*Aim of the exercise*: If you see a picture in the data below, omit it and copy the rest exactly.
=== Data shown ===
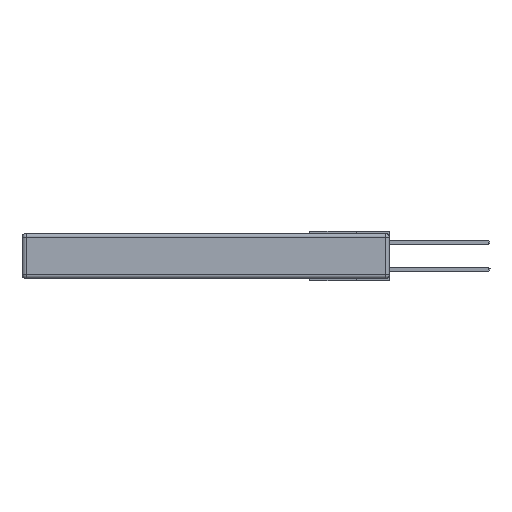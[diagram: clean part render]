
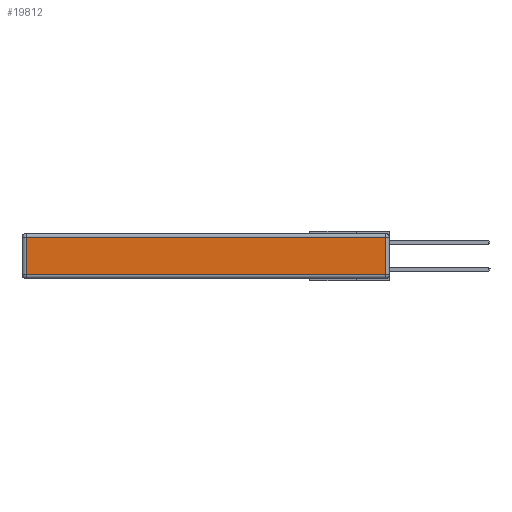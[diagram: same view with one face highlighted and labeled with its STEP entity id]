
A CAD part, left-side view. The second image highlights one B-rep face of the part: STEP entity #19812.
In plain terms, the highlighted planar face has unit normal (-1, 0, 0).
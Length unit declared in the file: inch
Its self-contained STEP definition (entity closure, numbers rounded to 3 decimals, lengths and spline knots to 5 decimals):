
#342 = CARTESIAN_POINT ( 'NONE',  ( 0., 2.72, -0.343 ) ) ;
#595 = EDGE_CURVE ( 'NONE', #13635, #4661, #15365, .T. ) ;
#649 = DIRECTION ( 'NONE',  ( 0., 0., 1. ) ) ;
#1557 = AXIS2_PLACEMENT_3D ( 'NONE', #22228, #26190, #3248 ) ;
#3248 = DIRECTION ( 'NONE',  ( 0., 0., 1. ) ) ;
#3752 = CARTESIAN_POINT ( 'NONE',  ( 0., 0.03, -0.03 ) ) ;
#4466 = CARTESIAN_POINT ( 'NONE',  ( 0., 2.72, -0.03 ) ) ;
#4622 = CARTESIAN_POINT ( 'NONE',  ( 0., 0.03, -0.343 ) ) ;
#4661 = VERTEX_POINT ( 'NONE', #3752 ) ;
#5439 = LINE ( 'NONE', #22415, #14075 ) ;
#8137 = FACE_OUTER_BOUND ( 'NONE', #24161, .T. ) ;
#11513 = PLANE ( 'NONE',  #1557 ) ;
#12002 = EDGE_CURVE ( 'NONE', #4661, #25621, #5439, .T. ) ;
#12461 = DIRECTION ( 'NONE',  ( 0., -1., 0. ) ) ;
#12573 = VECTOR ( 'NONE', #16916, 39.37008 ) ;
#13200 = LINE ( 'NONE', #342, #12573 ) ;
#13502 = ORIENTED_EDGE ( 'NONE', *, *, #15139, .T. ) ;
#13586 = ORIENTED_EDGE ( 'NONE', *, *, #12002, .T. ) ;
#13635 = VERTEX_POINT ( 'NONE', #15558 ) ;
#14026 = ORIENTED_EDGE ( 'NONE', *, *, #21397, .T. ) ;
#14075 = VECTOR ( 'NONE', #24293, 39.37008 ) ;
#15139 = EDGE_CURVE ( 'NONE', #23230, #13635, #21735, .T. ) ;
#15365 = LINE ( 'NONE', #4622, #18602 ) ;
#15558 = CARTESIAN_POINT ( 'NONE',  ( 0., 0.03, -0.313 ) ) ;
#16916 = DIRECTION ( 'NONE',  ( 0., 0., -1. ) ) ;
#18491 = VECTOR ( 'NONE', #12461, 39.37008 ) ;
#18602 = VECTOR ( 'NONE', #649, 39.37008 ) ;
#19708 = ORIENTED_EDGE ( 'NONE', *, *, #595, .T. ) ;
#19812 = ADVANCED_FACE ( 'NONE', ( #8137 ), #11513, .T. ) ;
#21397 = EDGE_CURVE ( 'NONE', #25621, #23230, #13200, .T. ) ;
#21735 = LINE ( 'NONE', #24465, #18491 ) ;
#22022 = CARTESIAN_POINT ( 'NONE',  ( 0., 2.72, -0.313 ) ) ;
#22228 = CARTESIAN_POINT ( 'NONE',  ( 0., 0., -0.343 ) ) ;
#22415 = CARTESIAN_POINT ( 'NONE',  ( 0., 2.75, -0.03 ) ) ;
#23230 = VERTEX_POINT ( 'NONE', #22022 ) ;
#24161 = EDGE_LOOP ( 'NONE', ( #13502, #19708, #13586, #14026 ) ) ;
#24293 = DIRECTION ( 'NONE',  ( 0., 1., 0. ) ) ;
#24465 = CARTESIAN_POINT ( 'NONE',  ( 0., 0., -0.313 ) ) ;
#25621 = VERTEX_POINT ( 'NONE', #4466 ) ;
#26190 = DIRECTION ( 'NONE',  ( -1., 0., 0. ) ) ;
===
*Response to the exercise*:
[diagram: clean part render]
[diagram: same view with one face highlighted and labeled with its STEP entity id]
A CAD part, left-side view. The second image highlights one B-rep face of the part: STEP entity #19812.
In plain terms, the highlighted planar face has unit normal (-1, 0, 0).
Length unit declared in the file: inch
Its self-contained STEP definition (entity closure, numbers rounded to 3 decimals, lengths and spline knots to 5 decimals):
#342 = CARTESIAN_POINT ( 'NONE',  ( 0., 2.72, -0.343 ) ) ;
#595 = EDGE_CURVE ( 'NONE', #13635, #4661, #15365, .T. ) ;
#649 = DIRECTION ( 'NONE',  ( 0., 0., 1. ) ) ;
#1557 = AXIS2_PLACEMENT_3D ( 'NONE', #22228, #26190, #3248 ) ;
#3248 = DIRECTION ( 'NONE',  ( 0., 0., 1. ) ) ;
#3752 = CARTESIAN_POINT ( 'NONE',  ( 0., 0.03, -0.03 ) ) ;
#4466 = CARTESIAN_POINT ( 'NONE',  ( 0., 2.72, -0.03 ) ) ;
#4622 = CARTESIAN_POINT ( 'NONE',  ( 0., 0.03, -0.343 ) ) ;
#4661 = VERTEX_POINT ( 'NONE', #3752 ) ;
#5439 = LINE ( 'NONE', #22415, #14075 ) ;
#8137 = FACE_OUTER_BOUND ( 'NONE', #24161, .T. ) ;
#11513 = PLANE ( 'NONE',  #1557 ) ;
#12002 = EDGE_CURVE ( 'NONE', #4661, #25621, #5439, .T. ) ;
#12461 = DIRECTION ( 'NONE',  ( 0., -1., 0. ) ) ;
#12573 = VECTOR ( 'NONE', #16916, 39.37008 ) ;
#13200 = LINE ( 'NONE', #342, #12573 ) ;
#13502 = ORIENTED_EDGE ( 'NONE', *, *, #15139, .T. ) ;
#13586 = ORIENTED_EDGE ( 'NONE', *, *, #12002, .T. ) ;
#13635 = VERTEX_POINT ( 'NONE', #15558 ) ;
#14026 = ORIENTED_EDGE ( 'NONE', *, *, #21397, .T. ) ;
#14075 = VECTOR ( 'NONE', #24293, 39.37008 ) ;
#15139 = EDGE_CURVE ( 'NONE', #23230, #13635, #21735, .T. ) ;
#15365 = LINE ( 'NONE', #4622, #18602 ) ;
#15558 = CARTESIAN_POINT ( 'NONE',  ( 0., 0.03, -0.313 ) ) ;
#16916 = DIRECTION ( 'NONE',  ( 0., 0., -1. ) ) ;
#18491 = VECTOR ( 'NONE', #12461, 39.37008 ) ;
#18602 = VECTOR ( 'NONE', #649, 39.37008 ) ;
#19708 = ORIENTED_EDGE ( 'NONE', *, *, #595, .T. ) ;
#19812 = ADVANCED_FACE ( 'NONE', ( #8137 ), #11513, .T. ) ;
#21397 = EDGE_CURVE ( 'NONE', #25621, #23230, #13200, .T. ) ;
#21735 = LINE ( 'NONE', #24465, #18491 ) ;
#22022 = CARTESIAN_POINT ( 'NONE',  ( 0., 2.72, -0.313 ) ) ;
#22228 = CARTESIAN_POINT ( 'NONE',  ( 0., 0., -0.343 ) ) ;
#22415 = CARTESIAN_POINT ( 'NONE',  ( 0., 2.75, -0.03 ) ) ;
#23230 = VERTEX_POINT ( 'NONE', #22022 ) ;
#24161 = EDGE_LOOP ( 'NONE', ( #13502, #19708, #13586, #14026 ) ) ;
#24293 = DIRECTION ( 'NONE',  ( 0., 1., 0. ) ) ;
#24465 = CARTESIAN_POINT ( 'NONE',  ( 0., 0., -0.313 ) ) ;
#25621 = VERTEX_POINT ( 'NONE', #4466 ) ;
#26190 = DIRECTION ( 'NONE',  ( -1., 0., 0. ) ) ;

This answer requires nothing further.